* AIM OF THE TASK: Exactly the lines from the beginning of the listing below through the line that contains "182.1l-1.3 2M193 185.4h.3l.2" should be transcribed, and pictures must stay out.

* WORKING DATA:
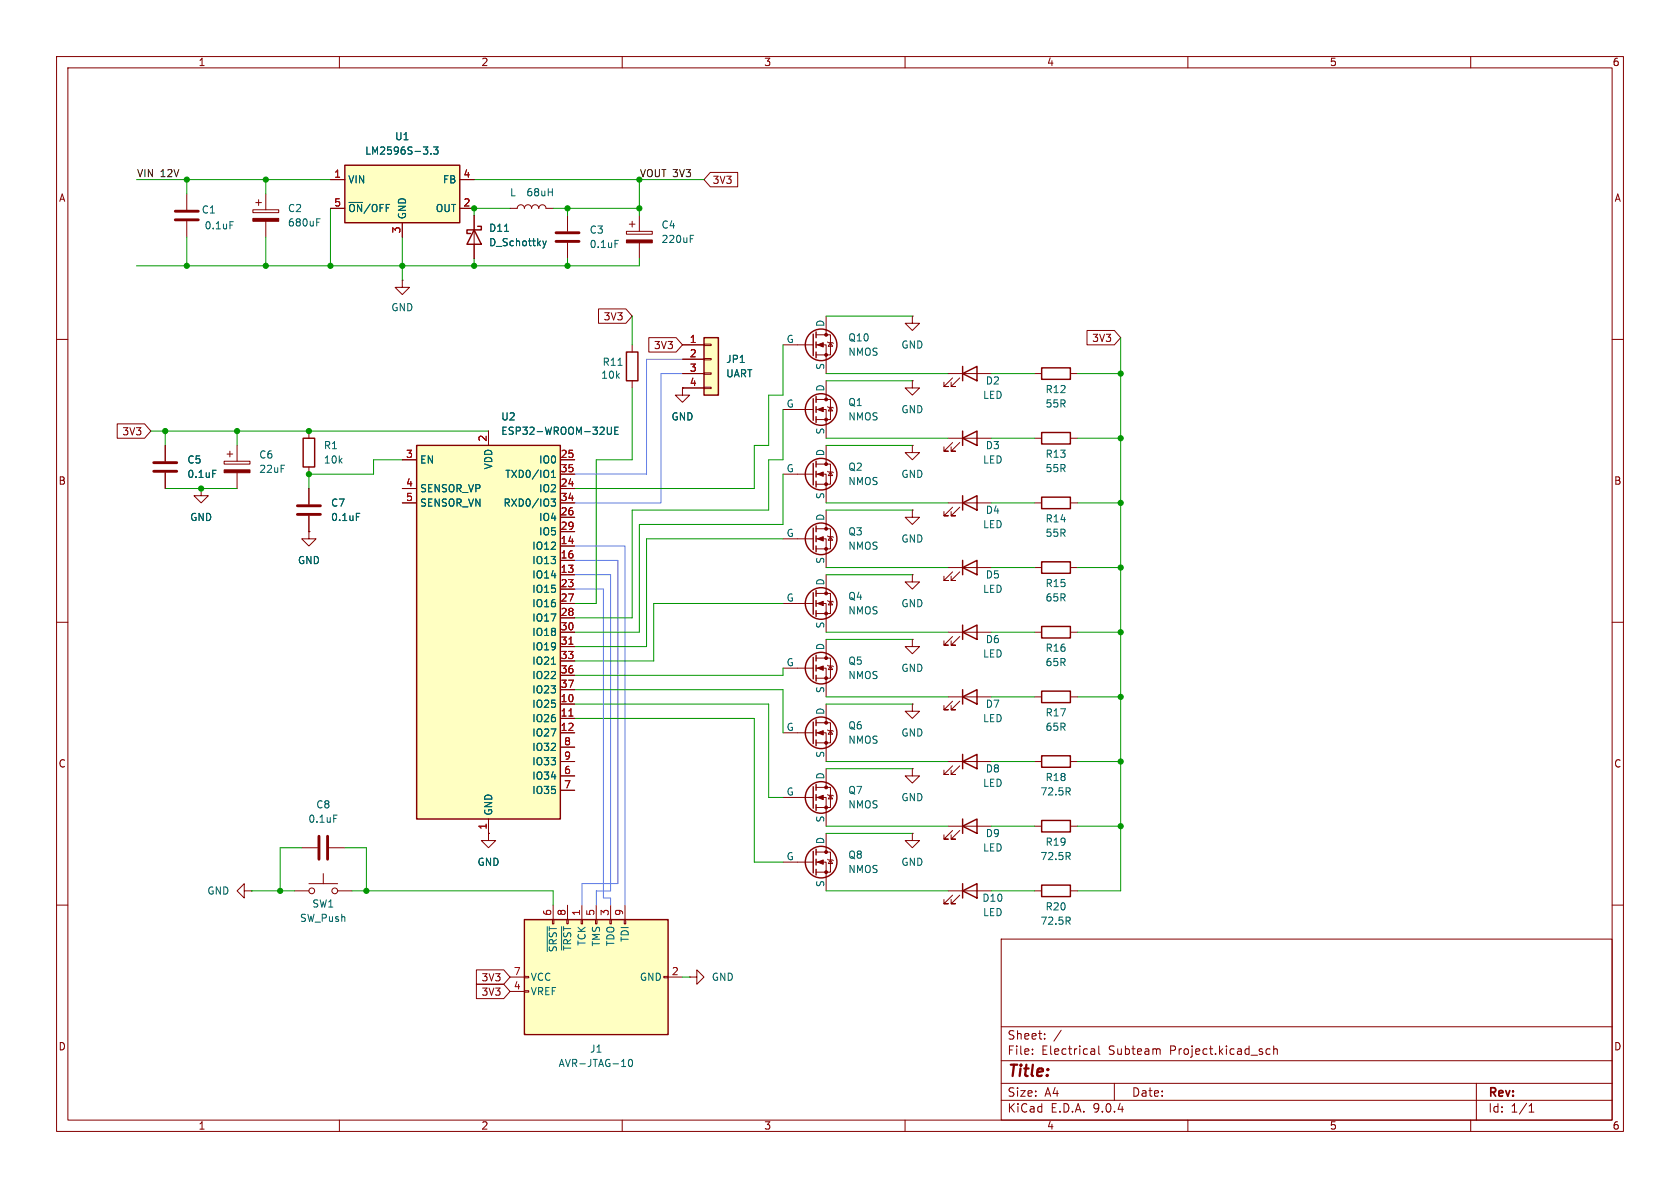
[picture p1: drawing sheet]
<svg xmlns="http://www.w3.org/2000/svg" width="297mm" height="210mm" viewBox="0 0 297 210" stroke-linecap="round" stroke-linejoin="round" font-family="sans-serif">
<g fill="none" stroke="#840000" stroke-width=".18">
<path d="M10 10h277v190h-277zM12 12h273v186h-273zM60 10v2M110 10v2M160 10v2M210 10v2M260 10v2M33 34.3v2.8M33 39.1v2.8M44.7 37.1h4.6v.5h-4.6zM45.2 35.8h1M45.7 35.3v1"/>
<path d="M47 34.3v2.8M47 39.1v2.8M83.8 38.1v7.6M90.2 36.8h1.2a.64 .64 0 0 1 .7-.6 .64 .64 0 0 1 .6 .6 .64 .64 0 0 1 .6-.6 .64 .64 0 0 1 .7 .6 .64 .64 0 0 1 .6-.6 .64 .64 0 0 1 .6 .6 .64 .64 0 0 1 .7-.6 .64 .64 0 0 1 .6 .6h1.3M100.3 38.1v2.8M100.3 42.9v2.8M10 60h2M54.6 76.2v1.3M111.8 61v1.2M111.8 67.3v1.3M285 60h2M54.6 94v1.3h1.3l-1.3 1.2-1.3-1.2h1.3"/>
<path d="M54.6 94h.1M54.6 82.6v1.2M54.6 86.4v2.8M54.6 91.2v2.8M10 110h2M138.4 106.7h5.4M144.3 104.9h2.5v3.6h-2.5M144.3 106.7h1.7v5.1M146 101.6v3.3M146.3 106.2l.1 .1h.8l.1 .1M146.8 106.3l.4 .6h-.8zM161.3 113v1.3h1.3l-1.3 1.3-1.3-1.3h1.3"/>
<path d="M161.3 113h.1M167.6 111.8h7.7M168.4 112.5l-1.5 1.5h.7h-.7v-.7M169.7 112.5l-1.6 1.5h.8h-.8v-.7M285 110h2M182.9 123.2h1.2M189.2 123.2h1.3M167.6 146.1h7.7M168.4 146.8l-1.5 1.5h.7h-.7v-.7M169.7 146.8l-1.6 1.5h.8h-.8v-.7M10 160h2M177 166h108v32h-108z"/>
<path d="M285 160h2M60 198v2M110 198v2M160 198v2M177 194.5h108M177 191.5h108M177 187.5h108M177 181.5h108M182.5 186.3v.1M182.5 185.5v.1M184.7 183.6v.1M184.7 182.8v.1"/>
<path d="M187.6 182.1l-1.3 2M193 185.4h.3l.2 .2v.8M193.5 186.3l-.5 .1M193.5 185.8h-.5M194.2 184.9v1.3l.3 .2M197 191.5v3M204.9 185.4l.2 .2v.8M210 198v2M223.9 186.3l.2 .1 .4-.1M224.5 185.5l-.4-.1-.2 .1M225.2 185.5l.2-.1 .3 .1 .1 .9M225.2 184.9v1.5"/>
<path d="M260 198v2M261 191.5v6.5M270.3 196.6h.9M270.3 195.5l.4-.4v1.5"/>
</g>
<g fill="none" stroke="#840000" stroke-width=".25">
<path d="M83.8 40.6l1.3 2.6h-2.6zM84.5 40h.6v.6h-2.6v.7h.7M53.6 77.5h2v5.1h-2zM110.7 62.2h2.1v5.1h-2.1zM143.8 104.8v3.8M144.3 104.4v1M144.3 106.2v1M144.3 108v1M170.2 111.8l2.5-1.3v2.5zM170.2 110.5v2.5M184.1 122.2h5.1v2h-5.1zM170.2 146.1l2.5-1.3v2.5z"/>
<path d="M170.2 144.8v2.5"/>
<circle cx="145.2" cy="106.7" r="2.79"/>
</g>
<path d="M40.7 39.2h.6M56 39.3h.4M56 38.7h.6M89.2 40.9h.7M96 42.6l.3 .8M96.3 43.4l-.3 .5M96.6 42.6l-.3 .8M108.7 42.5h.6M109.3 64.6h.7M63 90.7h.6" fill="none" stroke="#006464" stroke-width=".18"/>
<path d="M31 38.9h4.1M31 37.3h4.1M98.3 41.1h4.1M98.3 42.7h4.1M52.6 89.4h4M52.6 90.9h4" fill="none" stroke="#840000" stroke-width=".51"/>
<g fill="#840000" stroke="#840000" stroke-width=".18">
<path d="M44.7 38.6h4.6v.5h-4.6z"/>
<path d="M144.5 106.7l1-.4v.8z"/>
<circle cx="146" cy="104.9" r=".25"/>
<circle cx="146" cy="108.5" r=".25"/>
</g>
<path d="M92.7 162.6h25.4v20.3h-25.4z" fill="#ffffc2"/>
<g fill="none" stroke="#840000" stroke-width=".18">
<path d="M43.2 157.5v-1.3l-1.3 1.3 1.3 1.3v-1.3h1.2M44.4 157.5h.1M52.1 157.5h2.5M54.6 156.2h5.1M57.1 154.4v1.8M59.7 157.5h2.5M90.2 175.3h2.5M90.2 172.7h2.5M92.7 175.1h.8v.3h-.8zM92.7 172.6h.8v.2h-.8zM97.8 160v2.6M100.3 160v2.6"/>
<path d="M102.7 162.6h.3v.7h-.3zM102.9 160v2.6M105.3 162.6h.2v.7h-.2zM105.4 160v2.6M107.8 162.6h.3v.7h-.3zM107.9 160v2.6M110.4 162.6h.2v.7h-.2zM110.5 160v2.6M117.3 172.6h.8v.2h-.8zM118.1 172.7h2.5M121.9 172.7h1.3v-1.2l1.3 1.2-1.3 1.3v-1.3M121.9 172.7h.1"/>
<circle cx="55.1" cy="157.5" r=".51"/>
<circle cx="59.2" cy="157.5" r=".51"/>
</g>
<path d="M92.7 162.6h25.4v20.3h-25.4z" fill="none" stroke="#840000" stroke-width=".25"/>
<path d="M96.7 163.8v4.4M99.3 163.8v4.2M109.9 188.5h.7M111.2 187.4l.2-.1a.68 .68 0 0 1 .4 .6 .68 .68 0 0 1-.4 .6l-.2-.1-.1-.3z" fill="none" stroke="#006464" stroke-width=".18"/>
<path d="M124.5 59.7h2.5v10.2h-2.5z" fill="#ffffc2"/>
<g fill="none" stroke="#840000" stroke-width=".25">
<path d="M124.5 59.7h2.5v10.2h-2.5zM143.8 59.1v3.8M144.3 58.7v1M144.3 60.5v1M144.3 62.2v1"/>
<circle cx="145.2" cy="61" r="2.79"/>
</g>
<g fill="none" stroke="#840000" stroke-width=".18">
<path d="M144.3 59.2h2.5v3.5h-2.5M146 55.9v3.3M161.3 55.9v1.3h1.3l-1.3 1.2-1.3-1.2h1.3M161.3 55.9h.1M29.2 78.7v2.8M120.6 68.6v1.3h1.3l-1.3 1.2-1.2-1.2h1.2M120.6 68.6h.1M120.6 61h3.9M120.6 63.5h3.9M120.6 66h3.9M120.6 68.6h3.9M124.5 60.8h1.2v.3h-1.2z"/>
<path d="M124.5 63.4h1.2v.2h-1.2zM124.5 65.9h1.2v.3h-1.2zM124.5 68.5h1.2v.2h-1.2zM138.4 61h5.4M144.3 61h1.7v5M146.3 60.5l.1 .1h.8l.1 .1M146.8 60.6l.4 .6h-.8zM29.2 83.6v2.8M35.6 86.4v1.2h1.2l-1.2 1.3-1.3-1.3h1.3M35.6 86.4h.1M53.3 149.9h2.8M58.2 149.9h2.8"/>
</g>
<path d="M27.2 81.8h4M27.2 83.3h4M56.4 147.8v4.1M57.9 147.8v4.1" fill="none" stroke="#840000" stroke-width=".51"/>
<path d="M37.6 83.1h.6M59 144.1h.6" fill="none" stroke="#006464" stroke-width=".18"/>
<g fill="#840000" stroke="#840000" stroke-width=".18">
<path d="M144.5 61l1-.4v.7z"/>
<circle cx="146" cy="59.2" r=".25"/>
<circle cx="146" cy="62.7" r=".25"/>
</g>
<path d="M61 29.2h20.3v10.2h-20.3z" fill="#ffffc2"/>
<g fill="none" stroke="#840000" stroke-width=".25">
<path d="M61 29.2h20.3v10.2h-20.3zM143.8 116.2v3.8M144.3 115.8v1M144.3 117.6v1M144.3 119.4v1M184.1 133.6h5.1v2h-5.1z"/>
<circle cx="145.2" cy="118.1" r="2.79"/>
</g>
<g fill="none" stroke="#840000" stroke-width=".18">
<path d="M58.4 31.8h2.6M58.4 36.8h2.6M71.1 39.4v2.5M81.3 31.8h2.5M81.3 36.8h2.5M111.3 39.6h1M111.8 39.1v1M113 38.1v2.8M71.1 49.5v1.3h1.3l-1.3 1.3-1.3-1.3h1.3M71.1 49.5h.1M110.7 40.9h4.6v.5h-4.6zM113 42.9v2.8"/>
<path d="M40.6 79.8v1M41.9 78.7v2.8M39.6 81.5h4.6v.5h-4.6zM40.1 80.3h1M41.9 83.6v2.8M138.4 118.1h5.4M144.3 116.3h2.5v3.6h-2.5M144.3 118.1h1.7v5.1M146 113v3.3M146.3 117.6l.1 .1h.8l.1 .2M146.8 117.7l.4 .7h-.8zM182.9 134.6h1.2"/>
<path d="M189.2 134.6h1.3M86.4 147.3v1.3h1.2l-1.2 1.3-1.3-1.3h1.3M86.4 147.3h.1"/>
</g>
<path d="M76.2 27.1v.1M76.7 26h.7l-.4 .5 .4 .1v.5l-.2 .1-.5-.1M122 42.2h.5M122 41.6h.6M188.8 139.9l.4 .6M189.1 139.3l.1 .2-.1 .4" fill="none" stroke="#006464" stroke-width=".18"/>
<g fill="#840000" stroke="#840000" stroke-width=".18">
<path d="M144.5 118.1l1-.4v.8z"/>
<path d="M110.7 42.4h4.6v.5h-4.6z"/>
<path d="M39.6 83.1h4.6v.5h-4.6z"/>
<circle cx="146" cy="116.3" r=".25"/>
<circle cx="146" cy="119.9" r=".25"/>
</g>
<path d="M73.7 78.7h25.4v66.1h-25.4z" fill="#ffffc2"/>
<g fill="none" stroke="#840000" stroke-width=".25">
<path d="M73.7 78.7h25.4v66.1h-25.4zM143.8 70.5v3.8M144.3 70.1v1M144.3 71.9v1M144.3 73.7v1M170.2 77.5l2.5-1.3v2.5zM170.2 66l2.5-1.2v2.5zM170.2 64.8v2.5M170.2 76.2v2.5M184.1 76.5h5.1v2h-5.1zM184.1 65h5.1v2.1h-5.1zM143.8 81.9v3.8"/>
<path d="M143.8 93.3v3.9M144.3 81.5v1.1M144.3 83.3v1M144.3 85.1v1M144.3 93v1M144.3 94.7v1.1M144.3 96.5v1M170.2 88.9l2.5-1.3v2.6zM170.2 87.6v2.6M170.2 99.1v2.5M184.1 99.3h5.1v2h-5.1zM184.1 87.9h5.1v2h-5.1z"/>
<path d="M170.2 100.3l2.5-1.2v2.5zM184.1 110.7h5.1v2.1h-5.1zM143.8 127.6v3.8M143.8 139.1v3.8M144.3 127.3v1M144.3 129v1M144.3 130.8v1M144.3 138.7v1M170.2 123.2l2.5-1.3v2.6zM170.2 134.6l2.5-1.2v2.5zM170.2 121.9v2.6M170.2 133.4v2.5"/>
<path d="M143.8 150.5v3.8M144.3 140.5v1M144.3 142.2v1.1M144.3 150.1v1M144.3 151.9v1M144.3 153.7v1M170.2 157.5l2.5-1.3v2.6zM170.2 156.2v2.6M184.1 156.5h5.1v2h-5.1zM184.1 145h5.1v2.1h-5.1z"/>
<circle cx="145.2" cy="72.4" r="2.79"/>
<circle cx="145.2" cy="83.8" r="2.79"/>
<circle cx="145.2" cy="95.2" r="2.79"/>
<circle cx="145.2" cy="129.5" r="2.79"/>
<circle cx="145.2" cy="141" r="2.79"/>
<circle cx="145.2" cy="152.4" r="2.79"/>
</g>
<g fill="none" stroke="#840000" stroke-width=".18">
<path d="M58.4 31.8h2.6M58.4 36.8h2.6M71.1 39.4v2.5M81.3 31.8h2.5M81.3 36.8h2.5M83.8 38.1v2.5M125.6 30.5h4.8v2.5h-4.8l-1.1-1.2zM83.8 43.2v2.5M105.8 54.6h4.8l1.2 1.3-1.2 1.3h-4.8zM114.7 59.7h4.8l1.1 1.3-1.1 1.2h-4.8zM192.2 58.4h4.8l1.1 1.3-1.1 1.3h-4.8zM20.7 74.9h4.9l1.1 1.3-1.1 1.3h-4.9z"/>
<path d="M29.2 78.7v2.8M86.4 76.2v2.5M120.6 68.6h.1M120.6 66h3.9M120.6 61h3.9M120.6 63.5h3.9M120.6 68.6h3.9M138.4 72.4h5.4M144.3 70.6h2.5v3.6h-2.5M144.3 72.4h1.7v5.1M146 67.3v3.3M146 78.7v3.3"/>
<path d="M146.3 71.9l.1 .1h.8l.1 .1M146.8 72l.4 .6h-.8zM161.3 78.7v1.3h1.3l-1.3 1.3-1.3-1.3h1.3M161.3 78.7h.1M161.3 67.3v1.3h1.3l-1.3 1.3-1.3-1.3h1.3M161.3 67.3h.1M167.6 77.5h7.7M167.6 66h7.7M168.4 78.2l-1.5 1.6h.7h-.7v-.8M168.4 66.8l-1.5 1.5h.7h-.7v-.7M169.7 78.2l-1.6 1.6h.8h-.8v-.8M169.7 66.8l-1.6 1.5h.8h-.8v-.7"/>
<path d="M182.9 77.5h1.2M182.9 66h1.2M189.2 77.5h1.3M189.2 66h1.3M29.2 83.6v2.8M35.6 86.4h.1M54.6 94h.1M54.6 86.4v2.8M54.6 91.2v2.8M71.1 81.3h2.6M71.1 86.4h2.6M71.1 88.9h2.6"/>
<path d="M99.1 81.3h2.5M99.1 86.4h2.5M99.1 88.9h2.5M99.1 83.8h2.5M99.1 91.4h2.5M99.1 94h2.5M99.1 96.5h2.5M99.1 99.1h2.5M138.4 83.8h5.4M138.4 95.3h5.4M144.3 82h2.5v3.6h-2.5M144.3 83.8h1.7v5.1"/>
<path d="M144.3 93.5h2.5v3.5h-2.5M144.3 95.3h1.7v5M146 90.2v3.3M146.3 83.3l.1 .1h.8l.1 .2M146.3 94.7l.1 .2h.8l.1 .1M146.8 83.4l.4 .7h-.8zM146.8 94.9l.4 .6h-.8zM161.3 90.2v1.2h1.3l-1.3 1.3-1.3-1.3h1.3M161.3 90.2h.1M167.6 88.9h7.7M168.4 89.7l-1.5 1.5h.7h-.7v-.8M169.7 89.7l-1.6 1.5h.8h-.8v-.8"/>
<path d="M182.9 88.9h1.2M189.2 88.9h1.3M99.1 101.6h2.5M99.1 104.1h2.5M99.1 106.7h2.5M99.1 109.2h2.5M99.1 111.8h2.5M99.1 114.3h2.5M99.1 116.8h2.5M99.1 119.4h2.5M161.3 101.6v1.3h1.3l-1.3 1.2-1.3-1.2h1.3M161.3 101.6h.1"/>
<path d="M167.6 100.3h7.7M168.4 101.1l-1.5 1.5h.7h-.7v-.7M169.7 101.1l-1.6 1.5h.8h-.8v-.7M182.9 111.8h1.2M182.9 100.3h1.2M189.2 111.8h1.3M189.2 100.3h1.3M99.1 121.9h2.5M99.1 124.5h2.5M99.1 127h2.5M99.1 129.5h2.5M99.1 132.1h2.5"/>
<path d="M99.1 134.6h2.5M99.1 137.2h2.5M99.1 139.7h2.5M138.4 129.5h5.4M144.3 139.2h2.5v3.5h-2.5M144.3 127.8h2.5v3.5h-2.5M144.3 129.5h1.7v5.1M146 124.5v3.3M146 135.9v3.3M146.3 129l.1 .2h.8l.1 .1M146.8 129.2l.4 .6h-.8zM161.3 124.5v1.2h1.3l-1.3 1.3-1.3-1.3h1.3"/>
<path d="M161.3 124.5h.1M161.3 135.9v1.3h1.3l-1.3 1.2-1.3-1.2h1.3M161.3 135.9h.1M167.6 134.6h7.7M167.6 123.2h7.7M168.4 124l-1.5 1.5h.7h-.7v-.8M168.4 135.4l-1.5 1.5h.7h-.7v-.8M169.7 124l-1.6 1.5h.8h-.8v-.8M169.7 135.4l-1.6 1.5h.8h-.8v-.8M86.4 147.3h.1M86.4 144.8v2.5M138.4 152.4h5.4"/>
<path d="M138.4 141h5.4M144.3 150.6h2.5v3.6h-2.5M144.3 152.4h1.7v5.1M144.3 141h1.7v5.1M146 147.3v3.3M146.3 151.9l.1 .1h.8l.1 .1M146.3 140.5l.1 .1h.8l.1 .1M146.8 152l.4 .7h-.8zM146.8 140.6l.4 .6h-.8zM161.3 147.3v1.3h1.3l-1.3 1.3-1.3-1.3h1.3M161.3 147.3h.1M167.6 157.5h7.7"/>
<path d="M168.4 158.2l-1.5 1.6h.7h-.7v-.8M169.7 158.2l-1.6 1.6h.8h-.8v-.8M182.9 157.5h1.2M182.9 146.1h1.2M189.2 157.5h1.3M189.2 146.1h1.3M84.2 174h4.9l1.1 1.3-1.1 1.2h-4.9zM84.2 171.4h4.9l1.1 1.3-1.1 1.3h-4.9z"/>
</g>
<g fill="none" stroke="#006464" stroke-width=".18">
<path d="M76.2 27.1v.1M76.7 26h.7l-.4 .5 .4 .1v.5l-.2 .1-.5-.1M89.2 40.9h.7M96 42.6l.3 .8M96.3 43.4l-.3 .5M96.6 42.6l-.3 .8M107.4 75.5v1l.2 .3 .4-.1 .1-.2v-1M108.7 76.1h.4M109.3 75.5h-.6v1.3h.6M37.6 83.1h.6M63 90.7h.6M97.4 88.2h.8l-.4 .5 .3 .1v.6l-.1 .1-.5-.1"/>
<path d="M97.5 84.4h.7M97.5 83.5l.3-.4v1.3M97.5 117.4h.7M188.8 151.4l.4 .6M189.1 150.8l.1 .1-.1 .4M188.8 162.8l.4 .6M189.1 162.2l.1 .2-.1 .3"/>
</g>
<path d="M100.6 113.9h.7M100.6 126.6h.7" fill="none" stroke="#a90000" stroke-width=".18"/>
<g fill="#840000" stroke="#840000" stroke-width=".18">
<path d="M144.5 152.4l1-.4v.8z"/>
<path d="M144.5 141l1-.4v.8z"/>
<path d="M144.5 129.5l1-.3v.7z"/>
<path d="M144.5 72.4l1-.4v.8z"/>
<path d="M144.5 83.8l1-.4v.8z"/>
<path d="M144.5 95.3l1-.4v.7z"/>
<circle cx="146" cy="150.6" r=".25"/>
<circle cx="146" cy="154.2" r=".25"/>
<circle cx="146" cy="139.2" r=".25"/>
<circle cx="146" cy="142.7" r=".25"/>
<circle cx="146" cy="127.8" r=".25"/>
<circle cx="146" cy="131.3" r=".25"/>
<circle cx="146" cy="70.6" r=".25"/>
<circle cx="146" cy="74.2" r=".25"/>
<circle cx="146" cy="82" r=".25"/>
<circle cx="146" cy="85.6" r=".25"/>
<circle cx="146" cy="93.5" r=".25"/>
<circle cx="146" cy="97" r=".25"/>
</g>
<path d="M120.6 66h-3.8v22.9h-15.2M120.6 63.5h-6.3v20.3h-12.7M101.6 99.1h7.6v57.1h-6.3v3.8M101.6 96.5h8.9v63.5M101.6 101.6h6.3v55.9h-2.5v2.5M101.6 104.1h5.1v54.7h1.2v1.2" fill="none" stroke="#6272ff" stroke-width=".18"/>
<g fill="none" stroke="#009600" stroke-width=".18">
<path d="M24.1 31.8h34.3M33 31.8v2.5M47 31.8v2.5M58.4 36.8v10.2M83.8 31.8h40.7M90.2 36.8h-6.4v1.3M97.8 36.8h15.2M100.3 36.8v1.3M113 31.8v6.3M33 41.9v5.1M47 41.9v5.1M71.1 41.9v7.6"/>
<path d="M83.8 45.7v1.3M100.3 45.7v1.3M111.8 55.9v5.1M113 45.7v1.3h-88.9M146 55.9h15.3M198.1 59.7v97.8h-7.6M26.7 76.2h59.7M29.2 76.2v2.5M41.9 76.2v2.5M111.8 68.6v12.7h-6.4v25.4h-3.8M138.4 61v8.9h-2.5v8.8h-2.6v7.7h-31.7M138.4 72.4v8.9h-2.5v8.9h-24.1v19h-10.2"/>
<path d="M146 67.3h15.3M146 66h21.6M146 77.5h21.6M146 78.7h15.3M175.3 66h7.6M175.3 77.5h7.6M190.5 66h7.6M190.5 77.5h7.6M29.2 86.4h12.7M71.1 81.3h-5.1v2.5h-11.4v2.6M138.4 83.8v8.9h-25.4v19.1h-11.4M138.4 95.3h-24.1v19h-12.7"/>
<path d="M146 88.9h21.6M146 90.2h15.3M175.3 88.9h7.6M190.5 88.9h7.6M138.4 118.1v1.3h-36.8M138.4 106.7h-22.8v10.1h-14M146 111.8h21.6M146 113h15.3M146 100.3h21.6M146 101.6h15.3M175.3 111.8h7.6M175.3 100.3h7.6"/>
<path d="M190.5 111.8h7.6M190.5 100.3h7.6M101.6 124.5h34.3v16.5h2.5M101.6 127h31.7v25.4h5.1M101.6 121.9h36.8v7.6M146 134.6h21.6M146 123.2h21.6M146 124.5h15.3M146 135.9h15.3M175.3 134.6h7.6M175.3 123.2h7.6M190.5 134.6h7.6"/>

* EXPECTED ANSWER:
[picture p1: drawing sheet]
<svg xmlns="http://www.w3.org/2000/svg" width="297mm" height="210mm" viewBox="0 0 297 210" stroke-linecap="round" stroke-linejoin="round" font-family="sans-serif">
<g fill="none" stroke="#840000" stroke-width=".18">
<path d="M10 10h277v190h-277zM12 12h273v186h-273zM60 10v2M110 10v2M160 10v2M210 10v2M260 10v2M33 34.3v2.8M33 39.1v2.8M44.7 37.1h4.6v.5h-4.6zM45.2 35.8h1M45.7 35.3v1"/>
<path d="M47 34.3v2.8M47 39.1v2.8M83.8 38.1v7.6M90.2 36.8h1.2a.64 .64 0 0 1 .7-.6 .64 .64 0 0 1 .6 .6 .64 .64 0 0 1 .6-.6 .64 .64 0 0 1 .7 .6 .64 .64 0 0 1 .6-.6 .64 .64 0 0 1 .6 .6 .64 .64 0 0 1 .7-.6 .64 .64 0 0 1 .6 .6h1.3M100.3 38.1v2.8M100.3 42.9v2.8M10 60h2M54.6 76.2v1.3M111.8 61v1.2M111.8 67.3v1.3M285 60h2M54.6 94v1.3h1.3l-1.3 1.2-1.3-1.2h1.3"/>
<path d="M54.6 94h.1M54.6 82.6v1.2M54.6 86.4v2.8M54.6 91.2v2.8M10 110h2M138.4 106.7h5.4M144.3 104.9h2.5v3.6h-2.5M144.3 106.7h1.7v5.1M146 101.6v3.3M146.3 106.2l.1 .1h.8l.1 .1M146.8 106.3l.4 .6h-.8zM161.3 113v1.3h1.3l-1.3 1.3-1.3-1.3h1.3"/>
<path d="M161.3 113h.1M167.6 111.8h7.7M168.4 112.5l-1.5 1.5h.7h-.7v-.7M169.7 112.5l-1.6 1.5h.8h-.8v-.7M285 110h2M182.9 123.2h1.2M189.2 123.2h1.3M167.6 146.1h7.7M168.4 146.8l-1.5 1.5h.7h-.7v-.7M169.7 146.8l-1.6 1.5h.8h-.8v-.7M10 160h2M177 166h108v32h-108z"/>
<path d="M285 160h2M60 198v2M110 198v2M160 198v2M177 194.5h108M177 191.5h108M177 187.5h108M177 181.5h108M182.5 186.3v.1M182.5 185.5v.1M184.7 183.6v.1M184.7 182.8v.1"/>
<path d="M187.6 182.1l-1.3 2M193 185.4h.3l.2 .2v.8M193.5 186.3l-.5 .1M193.5 185.8h-.5M194.2 184.9v1.3l.3 .2M197 191.5v3M204.9 185.4l.2 .2v.8M210 198v2M223.9 186.3l.2 .1 .4-.1M224.5 185.5l-.4-.1-.2 .1M225.2 185.5l.2-.1 .3 .1 .1 .9M225.2 184.9v1.5"/>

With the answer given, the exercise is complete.